Bereits in den ersten Tagen nach der Ablehnung wurde im Parlament ein ganzer Strauss von Vorlagen eingereicht, welche die gesetzlichen Lücken beim Mutterschutz schliessen wollten oder anderweitige Entlastungen der Familien mit Kindern anregten. Der Bundesrat beantwortete alle diese Vorstösse am 20. September, wobei er einige in Postulatsform annehmen, andere hingegen ablehnen wollte. Er gab seinem Bedauern über die Verwerfung in der Volksabstimmung Ausdruck und erklärte, er halte am Ziel fest, die heutige, sozialpolitisch ungenügende Regelung des Erwerbsausfalles bei Mutterschaft gesetzgeberisch zu korrigieren. Er beabsichtige deshalb, dem Parlament zu Beginn der nächsten Legislaturperiode einen entsprechenden Lösungsvorschlag vorzulegen, wobei prioritär die Situation der unselbstständig erwerbstätigen Frauen berücksichtigt werden müsse [62].
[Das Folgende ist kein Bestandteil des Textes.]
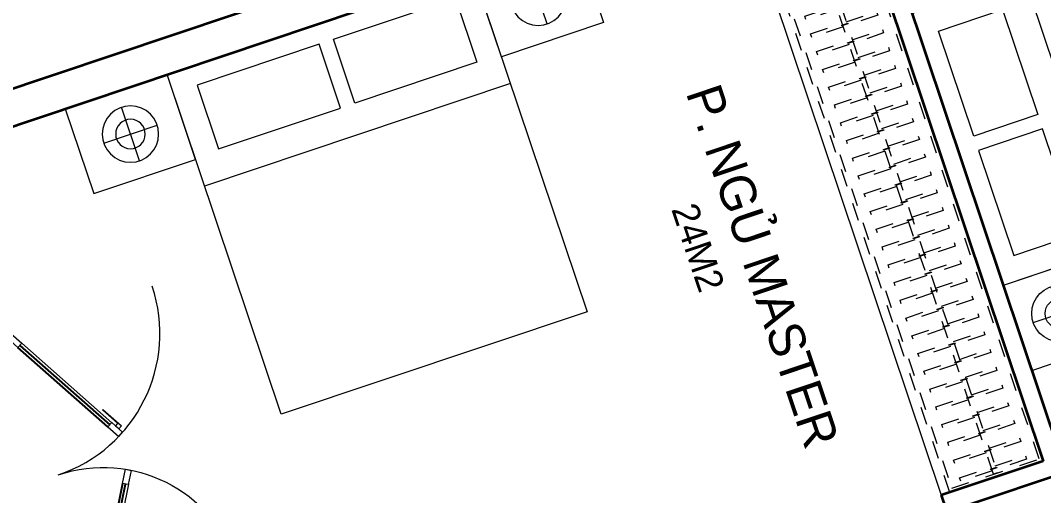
# Model space of a CAD drawing. Header units: metres. Extents: x 568332 to 569219, y 2065964 to 2066430.
# Drawn here: x 568480.38 to 568486.09, y 2066215.04 to 2066217.69 of the extents above; entities that cross this region are included whole.
import ezdxf

# ---------------------------------------------------------------- set-up
doc = ezdxf.new("R2010")
doc.units = ezdxf.units.M
for name, pattern in [('$AUDIT_BAD_LTYPE2', [0]), ('CENTER', [2, 1.25, -0.25, 0.25, -0.25]), ('X-5M-G-MB PHONGNGU$0$HIDDEN2', [0.1875, 0.125, -0.0625])]:
    doc.linetypes.add(name, pattern=pattern)
doc.layers.get('0').update_dxf_attribs({"linetype": 'CONTINUOUS'})
for name, color, linetype, lineweight in [('-CENTER', 143, 'CENTER', 13), ('-DOOR', 137, 'CONTINUOUS', 9), ('-FURNITURE', 46, 'CONTINUOUS', 9), ('-WALL', 4, 'CONTINUOUS', 35), ('TEXT25', 2, 'CONTINUOUS', 13)]:
    doc.layers.add(name, color=color, linetype=linetype, lineweight=lineweight)
doc.layers.add('APOLIC', color=7, linetype='CONTINUOUS')
doc.styles.add('SVN_AVO_thuong', font='')
doc.styles.add('T1', font='', dxfattribs={"height": 200})
doc.styles.get('SVN_AVO_thuong').set_extended_font_data('SVN-Avo')
doc.styles.get('T1').set_extended_font_data('VNgeometric Light')

# ---------------------------------------------------------------- blocks, each defined once
blk = doc.blocks.new('*U252')
at = {"linetype": 'X-5M-G-MB PHONGNGU$0$HIDDEN2'}
for points in [[(0, 600.0000000004657), (0, 0), (3927.126403989389, -1.499470319333206e-09), (3927.126403989389, 599.9999999989661)], [(3907.126403989389, 579.9996613708928), (3907.126403989389, 19.99966137089297), (20, 20.00000000046566), (20, 580.0000000004657)], [(3907.126403989389, 286.6991212939751), (3907.126403989389, 313.0991212938819), (20, 313.0991212953813), (19.99999859370291, 286.6991212952417)], [(113.7817614636733, 319.1750910408318), (109.4317788550979, 319.1750910408318), (109.4317788550979, 280.441767644881), (113.7817614636733, 280.441767644881)], [(227.7817614636733, 319.1750910407849), (223.4317788550979, 319.1750910407849), (223.4317788550979, 280.4417676448341), (227.7817614636733, 280.4417676448341)], [(341.7817614636733, 319.175091040738), (337.4317788550979, 319.175091040738), (337.4317788550979, 280.4417676447872), (341.7817614636733, 280.4417676447872)], [(455.7817614636733, 319.1750910406911), (451.4317788550979, 319.1750910406911), (451.4317788550979, 280.4417676447403), (455.7817614636733, 280.4417676447403)], [(569.7817614636733, 319.1750910406442), (565.431778855098, 319.1750910406442), (565.431778855098, 280.4417676446934), (569.7817614636733, 280.4417676446934)], [(683.7817614636733, 319.1750910405973), (679.431778855098, 319.1750910405973), (679.431778855098, 280.4417676446465), (683.7817614636733, 280.4417676446465)], [(797.7817614636733, 319.1750910405504), (793.431778855098, 319.1750910405504), (793.431778855098, 280.4417676445996), (797.7817614636733, 280.4417676445996)], [(911.7817614636733, 319.1750910405035), (907.431778855098, 319.1750910405035), (907.431778855098, 280.4417676445527), (911.7817614636733, 280.4417676445527)], [(1025.781761463673, 319.1750910404566), (1021.431778855098, 319.1750910404566), (1021.431778855098, 280.4417676445057), (1025.781761463673, 280.4417676445057)], [(1139.781761463673, 319.1750910404097), (1135.431778855098, 319.1750910404097), (1135.431778855098, 280.4417676444588), (1139.781761463673, 280.4417676444588)], [(1253.781761463673, 319.1750910403628), (1249.431778855098, 319.1750910403628), (1249.431778855098, 280.4417676444119), (1253.781761463673, 280.4417676444119)], [(1367.781761463673, 319.1750910403159), (1363.431778855098, 319.1750910403159), (1363.431778855098, 280.441767644365), (1367.781761463673, 280.441767644365)], [(1481.781761463673, 319.175091040269), (1477.431778855098, 319.175091040269), (1477.431778855098, 280.4417676443181), (1481.781761463673, 280.4417676443181)], [(1595.781761463673, 319.175091040222), (1591.431778855098, 319.175091040222), (1591.431778855098, 280.4417676442712), (1595.781761463673, 280.4417676442712)], [(1709.781761463673, 319.1750910401751), (1705.431778855098, 319.1750910401751), (1705.431778855098, 280.4417676442243), (1709.781761463673, 280.4417676442243)], [(1823.781761463673, 319.1750910401282), (1819.431778855098, 319.1750910401282), (1819.431778855098, 280.4417676441774), (1823.781761463673, 280.4417676441774)], [(1937.781761463673, 319.1750910400813), (1933.431778855098, 319.1750910400813), (1933.431778855098, 280.4417676441305), (1937.781761463673, 280.4417676441305)], [(2051.781761463673, 319.1750910400344), (2047.431778855098, 319.1750910400344), (2047.431778855098, 280.4417676440836), (2051.781761463673, 280.4417676440836)], [(2165.781761463673, 319.1750910399875), (2161.431778855098, 319.1750910399875), (2161.431778855098, 280.4417676440366), (2165.781761463673, 280.4417676440366)], [(2279.781761463673, 319.1750910399406), (2275.431778855098, 319.1750910399406), (2275.431778855098, 280.4417676439897), (2279.781761463673, 280.4417676439897)], [(2393.781761463673, 319.1750910398937), (2389.431778855098, 319.1750910398937), (2389.431778855098, 280.4417676439429), (2393.781761463673, 280.4417676439429)], [(2507.781761463673, 319.1750910398468), (2503.431778855098, 319.1750910398468), (2503.431778855098, 280.441767643896), (2507.781761463673, 280.441767643896)], [(2621.781761463673, 319.1750910397999), (2617.431778855098, 319.1750910397999), (2617.431778855098, 280.4417676438491), (2621.781761463673, 280.4417676438491)], [(2735.781761463673, 319.1750910397529), (2731.431778855098, 319.1750910397529), (2731.431778855098, 280.4417676438021), (2735.781761463673, 280.4417676438021)], [(2849.781761463673, 319.175091039706), (2845.431778855098, 319.175091039706), (2845.431778855098, 280.4417676437552), (2849.781761463673, 280.4417676437552)], [(2963.781761463673, 319.1750910396592), (2959.431778855098, 319.1750910396592), (2959.431778855098, 280.4417676437083), (2963.781761463673, 280.4417676437083)], [(3077.781761463673, 319.1750910396123), (3073.431778855098, 319.1750910396123), (3073.431778855098, 280.4417676436614), (3077.781761463673, 280.4417676436614)], [(3191.781761463673, 319.1750910395654), (3187.431778855098, 319.1750910395654), (3187.431778855098, 280.4417676436145), (3191.781761463673, 280.4417676436145)], [(3305.781761463673, 319.1750910395184), (3301.431778855098, 319.1750910395184), (3301.431778855098, 280.4417676435676), (3305.781761463673, 280.4417676435676)], [(3419.781761463673, 319.1750910394715), (3415.431778855098, 319.1750910394715), (3415.431778855098, 280.4417676435207), (3419.781761463673, 280.4417676435207)], [(3533.781761463673, 319.1750910394246), (3529.431778855098, 319.1750910394246), (3529.431778855098, 280.4417676434738), (3533.781761463673, 280.4417676434738)], [(3647.781761463673, 319.1750910393777), (3643.431778855098, 319.1750910393777), (3643.431778855098, 280.4417676434269), (3647.781761463673, 280.4417676434269)], [(3761.781761463673, 319.1750910393308), (3757.431778855098, 319.1750910393308), (3757.431778855098, 280.44176764338), (3761.781761463673, 280.44176764338)], [(3875.781761463673, 319.1750910392839), (3871.431778855098, 319.1750910392839), (3871.431778855098, 280.441767643333), (3875.781761463673, 280.441767643333)]]:
    blk.add_lwpolyline(points, close=True, dxfattribs=at)
for points in [[(122.2409142897814, 313.1103512093413), (122.2409142897814, 515.2497102723445), (100.1765458012815, 515.2497102723445), (100.1765458012815, 313.1103512093413)], [(236.2409142897814, 313.1103512092944), (236.2409142897814, 515.2497102722975), (214.1765458012815, 515.2497102722975), (214.1765458012815, 313.1103512092944)], [(350.2409142897814, 313.1103512092475), (350.2409142897814, 515.2497102722507), (328.1765458012815, 515.2497102722507), (328.1765458012815, 313.1103512092475)], [(464.2409142897814, 313.1103512092006), (464.2409142897814, 515.2497102722037), (442.1765458012815, 515.2497102722037), (442.1765458012815, 313.1103512092006)], [(578.2409142897814, 313.1103512091537), (578.2409142897814, 515.2497102721569), (556.1765458012815, 515.2497102721569), (556.1765458012815, 313.1103512091537)], [(692.2409142897814, 313.1103512091068), (692.2409142897814, 515.24971027211), (670.1765458012815, 515.24971027211), (670.1765458012815, 313.1103512091068)], [(806.2409142897814, 313.1103512090599), (806.2409142897814, 515.249710272063), (784.1765458012815, 515.249710272063), (784.1765458012815, 313.1103512090599)], [(920.2409142897814, 313.110351209013), (920.2409142897814, 515.2497102720162), (898.1765458012815, 515.2497102720162), (898.1765458012815, 313.110351209013)], [(1034.240914289781, 313.1103512089661), (1034.240914289781, 515.2497102719692), (1012.176545801281, 515.2497102719692), (1012.176545801281, 313.1103512089661)], [(1148.240914289781, 313.1103512089192), (1148.240914289781, 515.2497102719224), (1126.176545801281, 515.2497102719224), (1126.176545801281, 313.1103512089192)], [(1262.240914289781, 313.1103512088723), (1262.240914289781, 515.2497102718754), (1240.176545801281, 515.2497102718754), (1240.176545801281, 313.1103512088723)], [(1376.240914289781, 313.1103512088254), (1376.240914289781, 515.2497102718285), (1354.176545801281, 515.2497102718285), (1354.176545801281, 313.1103512088254)], [(1490.240914289781, 313.1103512087785), (1490.240914289781, 515.2497102717816), (1468.176545801281, 515.2497102717816), (1468.176545801281, 313.1103512087785)], [(1604.240914289781, 313.1103512087315), (1604.240914289781, 515.2497102717347), (1582.176545801281, 515.2497102717347), (1582.176545801281, 313.1103512087315)], [(1718.240914289781, 313.1103512086846), (1718.240914289781, 515.2497102716878), (1696.176545801281, 515.2497102716878), (1696.176545801281, 313.1103512086846)], [(1832.240914289781, 313.1103512086377), (1832.240914289781, 515.2497102716409), (1810.176545801281, 515.2497102716409), (1810.176545801281, 313.1103512086377)], [(1946.240914289781, 313.1103512085908), (1946.240914289781, 515.2497102715939), (1924.176545801281, 515.2497102715939), (1924.176545801281, 313.1103512085908)], [(2060.240914289781, 313.1103512085439), (2060.240914289781, 515.2497102715471), (2038.176545801281, 515.2497102715471), (2038.176545801281, 313.1103512085439)], [(2174.240914289781, 313.110351208497), (2174.240914289781, 515.2497102715001), (2152.176545801281, 515.2497102715001), (2152.176545801281, 313.110351208497)], [(2288.240914289781, 313.1103512084501), (2288.240914289781, 515.2497102714533), (2266.176545801281, 515.2497102714533), (2266.176545801281, 313.1103512084501)], [(2402.240914289781, 313.1103512084032), (2402.240914289781, 515.2497102714063), (2380.176545801281, 515.2497102714063), (2380.176545801281, 313.1103512084032)], [(2516.240914289781, 313.1103512083563), (2516.240914289781, 515.2497102713594), (2494.176545801281, 515.2497102713594), (2494.176545801281, 313.1103512083563)], [(2630.240914289781, 313.1103512083094), (2630.240914289781, 515.2497102713126), (2608.176545801281, 515.2497102713126), (2608.176545801281, 313.1103512083094)], [(2744.240914289781, 313.1103512082624), (2744.240914289781, 515.2497102712656), (2722.176545801281, 515.2497102712656), (2722.176545801281, 313.1103512082624)], [(2858.240914289781, 313.1103512082155), (2858.240914289781, 515.2497102712188), (2836.176545801281, 515.2497102712188), (2836.176545801281, 313.1103512082155)], [(2972.240914289781, 313.1103512081687), (2972.240914289781, 515.2497102711718), (2950.176545801281, 515.2497102711718), (2950.176545801281, 313.1103512081687)], [(3086.240914289781, 313.1103512081218), (3086.240914289781, 515.2497102711249), (3064.176545801281, 515.2497102711249), (3064.176545801281, 313.1103512081218)], [(3200.240914289781, 313.1103512080749), (3200.240914289781, 515.249710271078), (3178.176545801281, 515.249710271078), (3178.176545801281, 313.1103512080749)], [(3314.240914289781, 313.1103512080279), (3314.240914289781, 515.2497102710311), (3292.176545801281, 515.2497102710311), (3292.176545801281, 313.1103512080279)], [(3428.240914289781, 313.110351207981), (3428.240914289781, 515.2497102709842), (3406.176545801281, 515.2497102709842), (3406.176545801281, 313.110351207981)], [(3542.240914289781, 313.1103512079341), (3542.240914289781, 515.2497102709373), (3520.176545801281, 515.2497102709373), (3520.176545801281, 313.1103512079341)], [(3656.240914289781, 313.1103512078872), (3656.240914289781, 515.2497102708903), (3634.176545801281, 515.2497102708903), (3634.176545801281, 313.1103512078872)], [(3770.240914289781, 313.1103512078403), (3770.240914289781, 515.2497102708435), (3748.176545801281, 515.2497102708435), (3748.176545801281, 313.1103512078403)], [(3884.240914289781, 313.1103512077934), (3884.240914289781, 515.2497102707965), (3862.176545801281, 515.2497102707965), (3862.176545801281, 313.1103512077934)], [(100.1765458012815, 286.7103512094345), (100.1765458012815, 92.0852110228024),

Im Ständerat verlangte eine Motion Spoerry (fdp, ZH), durch eine Revision des Obligationenrechtes sei sicherzustellen, dass erwerbstätige Frauen in jedem Fall für die acht Wochen Pause nach der Geburt, die vom Arbeitsgesetz verlangt werden, einen Lohn erhalten. Der Bundesrat war bereit, den Vorstoss als Postulat entgegen zu nehmen. Auf einen Ordnungsantrag Cottier (cvp, FR) hin wurde er jedoch zur näheren Prüfung an die Kommission für soziale Sicherheit und Gesundheit überwiesen [63].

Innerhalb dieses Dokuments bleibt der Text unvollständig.